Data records

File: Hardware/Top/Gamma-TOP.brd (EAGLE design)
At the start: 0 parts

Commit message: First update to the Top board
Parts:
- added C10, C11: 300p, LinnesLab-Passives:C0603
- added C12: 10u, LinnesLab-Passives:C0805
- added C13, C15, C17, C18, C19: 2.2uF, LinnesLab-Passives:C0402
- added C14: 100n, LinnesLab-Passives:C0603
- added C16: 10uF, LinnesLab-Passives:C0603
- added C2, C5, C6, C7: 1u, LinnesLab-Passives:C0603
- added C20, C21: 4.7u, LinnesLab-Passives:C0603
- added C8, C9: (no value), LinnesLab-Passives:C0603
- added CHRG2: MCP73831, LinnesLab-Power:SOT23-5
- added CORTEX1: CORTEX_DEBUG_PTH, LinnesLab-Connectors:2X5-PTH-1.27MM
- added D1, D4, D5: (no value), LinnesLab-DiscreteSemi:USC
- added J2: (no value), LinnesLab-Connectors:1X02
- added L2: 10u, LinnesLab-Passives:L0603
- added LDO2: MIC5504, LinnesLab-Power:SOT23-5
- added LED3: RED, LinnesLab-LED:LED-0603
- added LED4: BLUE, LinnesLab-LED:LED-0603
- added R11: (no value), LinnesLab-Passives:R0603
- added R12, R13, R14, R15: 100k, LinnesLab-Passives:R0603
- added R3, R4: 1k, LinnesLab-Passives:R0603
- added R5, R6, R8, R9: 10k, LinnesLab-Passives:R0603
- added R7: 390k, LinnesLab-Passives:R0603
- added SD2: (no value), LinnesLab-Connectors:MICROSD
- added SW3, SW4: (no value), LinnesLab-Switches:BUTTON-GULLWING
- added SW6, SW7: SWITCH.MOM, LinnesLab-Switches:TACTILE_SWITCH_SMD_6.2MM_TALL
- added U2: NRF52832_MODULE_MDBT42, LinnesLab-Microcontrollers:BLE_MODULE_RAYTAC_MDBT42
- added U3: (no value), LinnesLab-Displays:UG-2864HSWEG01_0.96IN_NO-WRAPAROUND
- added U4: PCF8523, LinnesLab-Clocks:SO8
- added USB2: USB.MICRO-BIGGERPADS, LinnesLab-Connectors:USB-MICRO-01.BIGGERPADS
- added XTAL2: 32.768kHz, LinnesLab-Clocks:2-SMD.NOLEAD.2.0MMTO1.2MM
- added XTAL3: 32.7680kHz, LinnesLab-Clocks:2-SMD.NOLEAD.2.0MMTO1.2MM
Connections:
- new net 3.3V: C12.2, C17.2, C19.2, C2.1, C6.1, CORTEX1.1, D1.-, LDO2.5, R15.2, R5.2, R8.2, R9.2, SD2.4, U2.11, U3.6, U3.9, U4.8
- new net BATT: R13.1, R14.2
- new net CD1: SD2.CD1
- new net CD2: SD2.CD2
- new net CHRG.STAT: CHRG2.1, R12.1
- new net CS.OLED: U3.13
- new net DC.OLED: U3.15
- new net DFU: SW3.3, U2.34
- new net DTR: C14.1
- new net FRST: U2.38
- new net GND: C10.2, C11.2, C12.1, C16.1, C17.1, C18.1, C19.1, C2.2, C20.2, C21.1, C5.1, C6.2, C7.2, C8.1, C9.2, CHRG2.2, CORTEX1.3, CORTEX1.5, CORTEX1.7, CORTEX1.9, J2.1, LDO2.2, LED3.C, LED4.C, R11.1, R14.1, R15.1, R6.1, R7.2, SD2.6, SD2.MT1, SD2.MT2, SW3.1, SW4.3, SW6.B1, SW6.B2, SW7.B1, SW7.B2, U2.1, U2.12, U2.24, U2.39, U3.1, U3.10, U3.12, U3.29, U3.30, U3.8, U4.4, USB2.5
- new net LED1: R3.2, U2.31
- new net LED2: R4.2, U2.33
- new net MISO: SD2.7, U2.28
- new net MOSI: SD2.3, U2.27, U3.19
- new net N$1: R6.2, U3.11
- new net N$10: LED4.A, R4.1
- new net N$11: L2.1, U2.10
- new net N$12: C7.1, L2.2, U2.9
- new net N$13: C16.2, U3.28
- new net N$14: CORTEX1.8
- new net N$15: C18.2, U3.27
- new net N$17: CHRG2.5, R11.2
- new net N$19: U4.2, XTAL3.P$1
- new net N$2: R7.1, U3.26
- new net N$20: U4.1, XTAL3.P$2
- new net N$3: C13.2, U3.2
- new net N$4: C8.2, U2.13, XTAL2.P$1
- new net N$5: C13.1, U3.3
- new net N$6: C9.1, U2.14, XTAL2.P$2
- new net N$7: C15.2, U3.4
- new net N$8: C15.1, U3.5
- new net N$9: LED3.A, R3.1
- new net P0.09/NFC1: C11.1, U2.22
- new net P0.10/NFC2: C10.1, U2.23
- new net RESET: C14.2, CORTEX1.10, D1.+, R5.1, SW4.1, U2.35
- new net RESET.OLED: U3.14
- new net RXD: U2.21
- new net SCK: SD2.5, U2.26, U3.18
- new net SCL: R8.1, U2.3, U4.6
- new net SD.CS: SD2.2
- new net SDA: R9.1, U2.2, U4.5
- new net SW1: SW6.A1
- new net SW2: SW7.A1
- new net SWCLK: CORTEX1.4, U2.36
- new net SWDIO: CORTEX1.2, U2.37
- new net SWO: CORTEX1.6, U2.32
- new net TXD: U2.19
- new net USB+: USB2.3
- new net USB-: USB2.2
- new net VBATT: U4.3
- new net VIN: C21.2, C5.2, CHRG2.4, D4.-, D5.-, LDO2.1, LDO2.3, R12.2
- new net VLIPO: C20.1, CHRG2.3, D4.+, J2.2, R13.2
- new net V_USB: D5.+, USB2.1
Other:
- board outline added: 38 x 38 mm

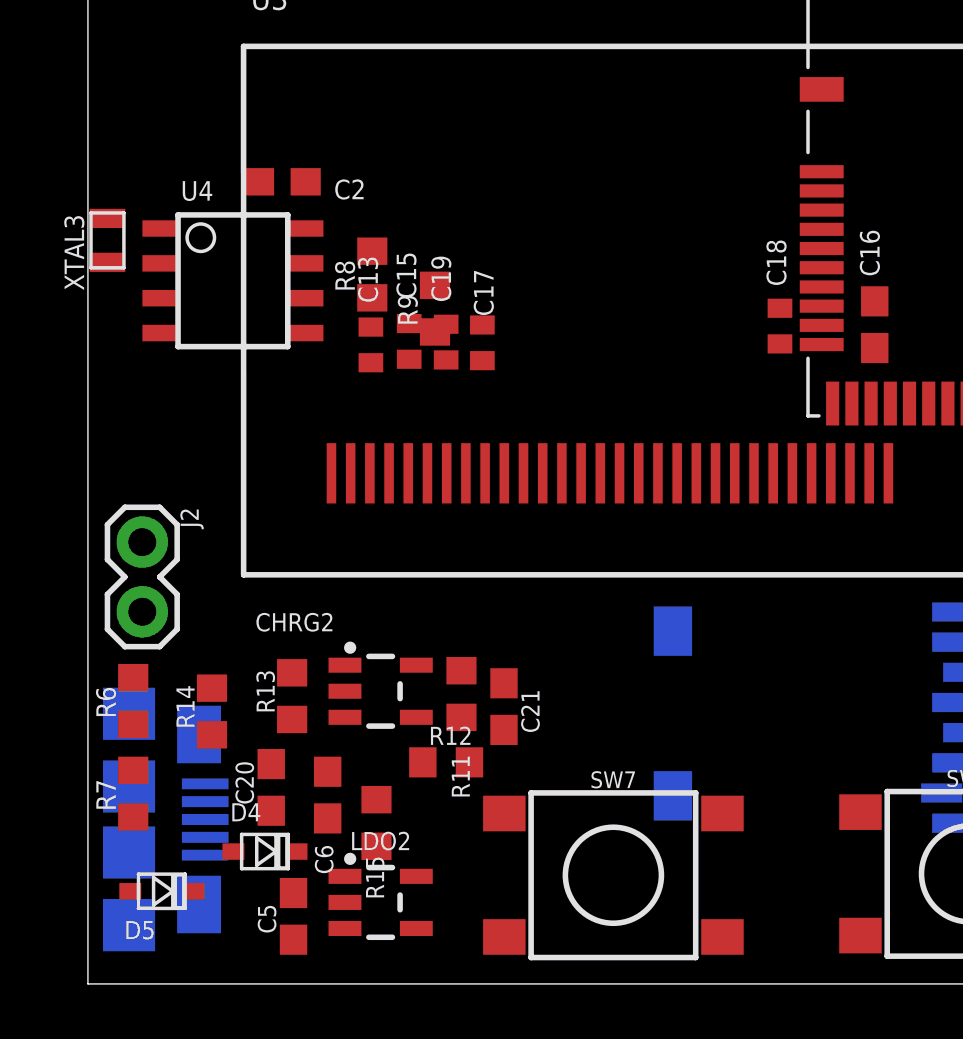
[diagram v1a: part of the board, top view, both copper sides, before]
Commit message: Fixed an overlap of two components
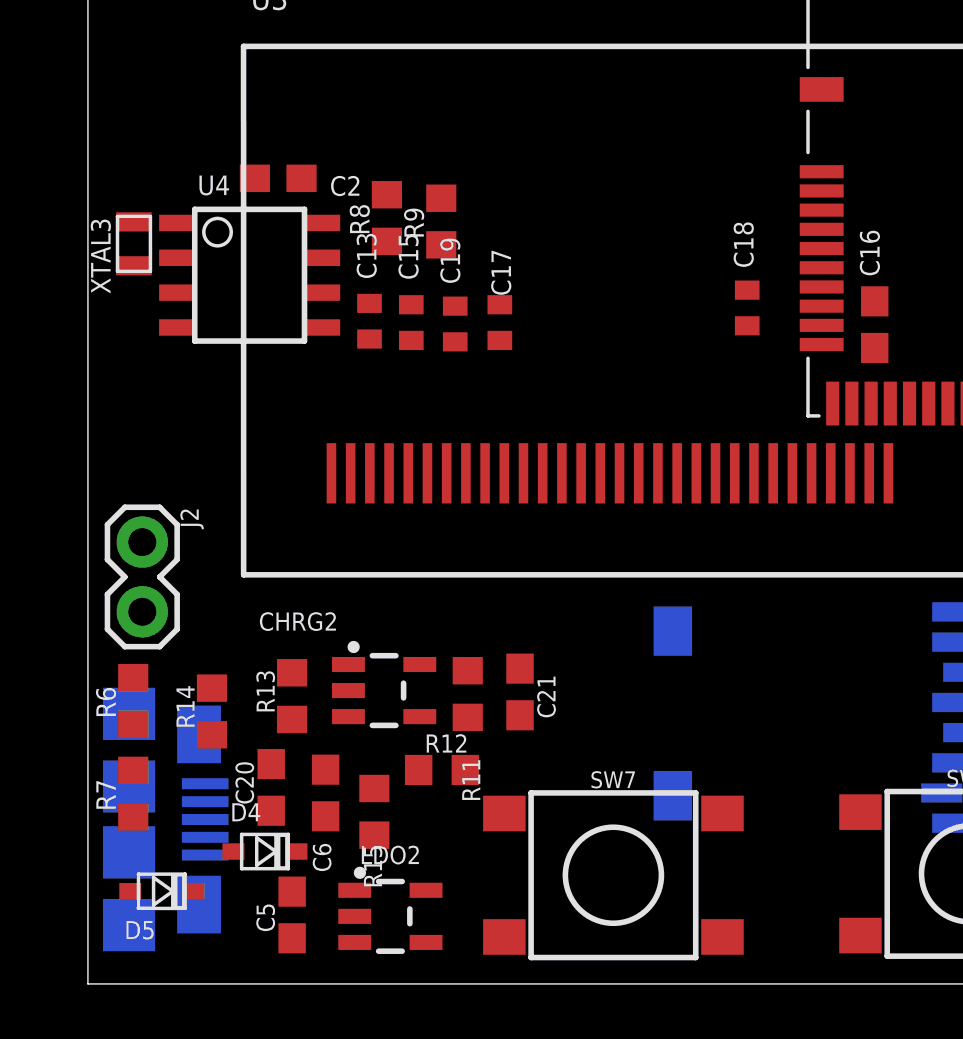
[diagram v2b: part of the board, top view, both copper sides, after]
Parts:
- moved R9 3.18 mm to (12.9, 27.8)
- moved R8 2.13 mm to (10.9, 27.9)
- moved C18 1.36 mm to (24.0, 24.6)
- moved XTAL3 0.97 mm to (1.68, 27.0)
- moved C17 0.97 mm to (15.0, 24.1)
- moved C13 0.87 mm to (10.3, 24.2)
- moved C21 0.79 mm to (15.7, 10.6)
- moved C19 0.74 mm to (13.4, 24.1)
- moved C15 0.69 mm to (11.8, 24.1)
- moved U4 0.64 mm to (5.89, 25.8)
- moved LDO2 0.62 mm to (11.0, 2.46)
- moved R15 0.41 mm to (10.4, 6.27)
- moved R12 0.32 mm to (12.9, 7.80)
- moved R11 0.23 mm to (13.8, 10.6)
- moved C2 0.20 mm to (6.93, 29.4)
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
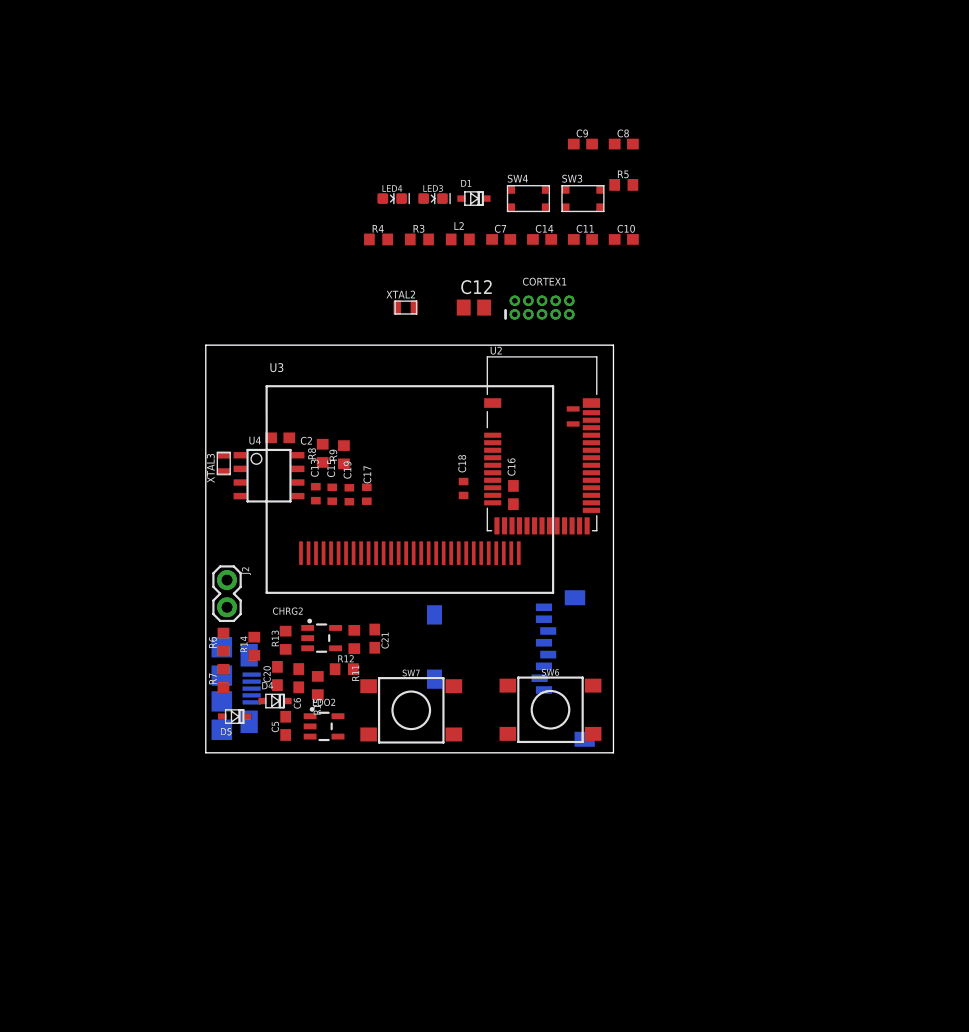
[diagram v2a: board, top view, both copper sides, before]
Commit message: Update to Top and Bottom Boards.  Top is not complete as of yet, and the bottom is ready for a check.  Routing not performed yet
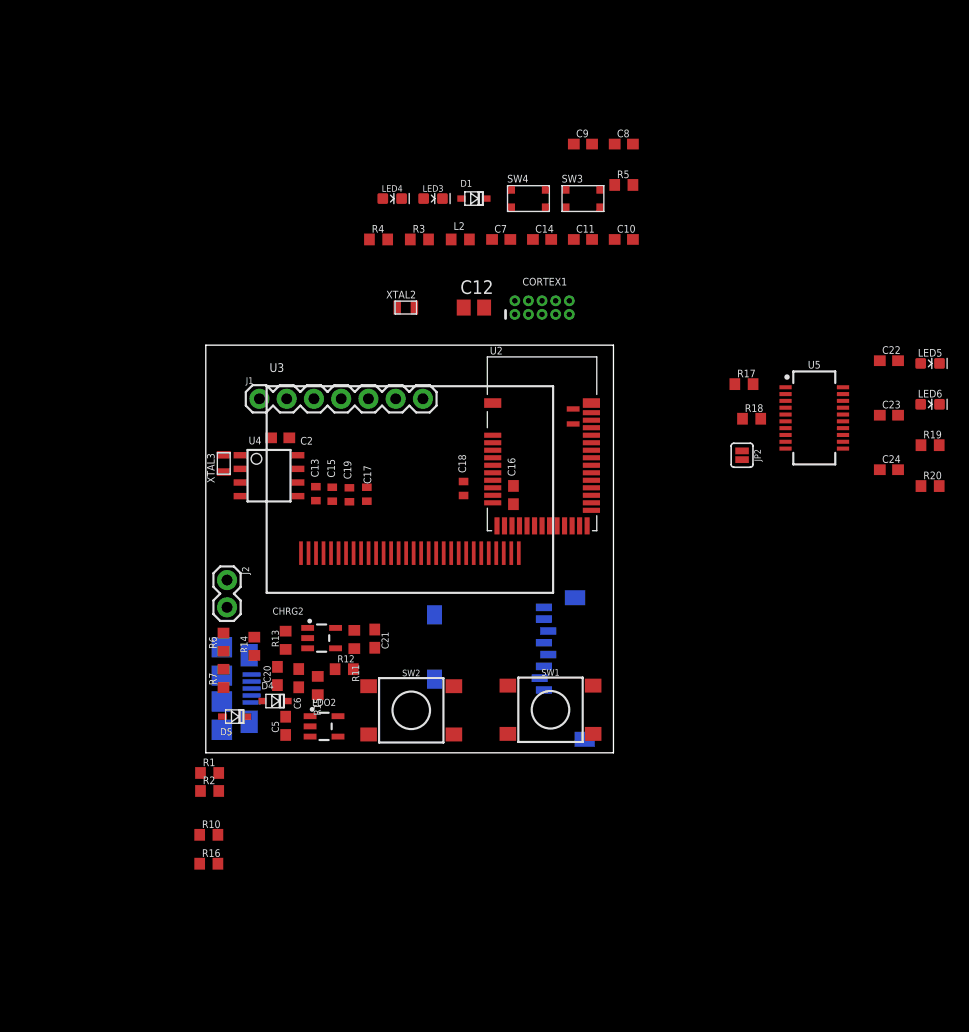
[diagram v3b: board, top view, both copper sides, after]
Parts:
- removed R8, R9: 10k, LinnesLab-Passives:R0603
- added C22: 100n, LinnesLab-Passives:C0603
- added C23, C24: 47p, LinnesLab-Passives:C0603
- added J1: (no value), LinnesLab-Connectors:1X07
- added JP2: (no value), LinnesLab-Switches:SMT-JUMPER_2_NO_SILK
- added LED5: RED, LinnesLab-LED:LED-0603
- added LED6: YELLOW, LinnesLab-LED:LED-0603
- added R1, R2: 0, LinnesLab-Passives:R0603
- added R10, R16: 10k, LinnesLab-Passives:R0603
- added R17, R18: 27, LinnesLab-Passives:R0603
- added R19, R20: 1k, LinnesLab-Passives:R0603
- added U5: FT231XS, LinnesLab-DigitalIC:SSOP20_L
- renumbered SW6 to SW1, SW7 to SW2
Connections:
- removed net BATT: R13.1, R14.2
- removed net CD1: SD2.CD1
- removed net CHRG.STAT: CHRG2.1, R12.1
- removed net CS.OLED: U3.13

• [WORK TASK]: Scan the records for the word "view" and copy every line where it is found.

• [EXERCISE SOLUTION]:
[diagram v1a: part of the board, top view, both copper sides, before]
[diagram v2b: part of the board, top view, both copper sides, after]
[diagram v2a: board, top view, both copper sides, before]
[diagram v3b: board, top view, both copper sides, after]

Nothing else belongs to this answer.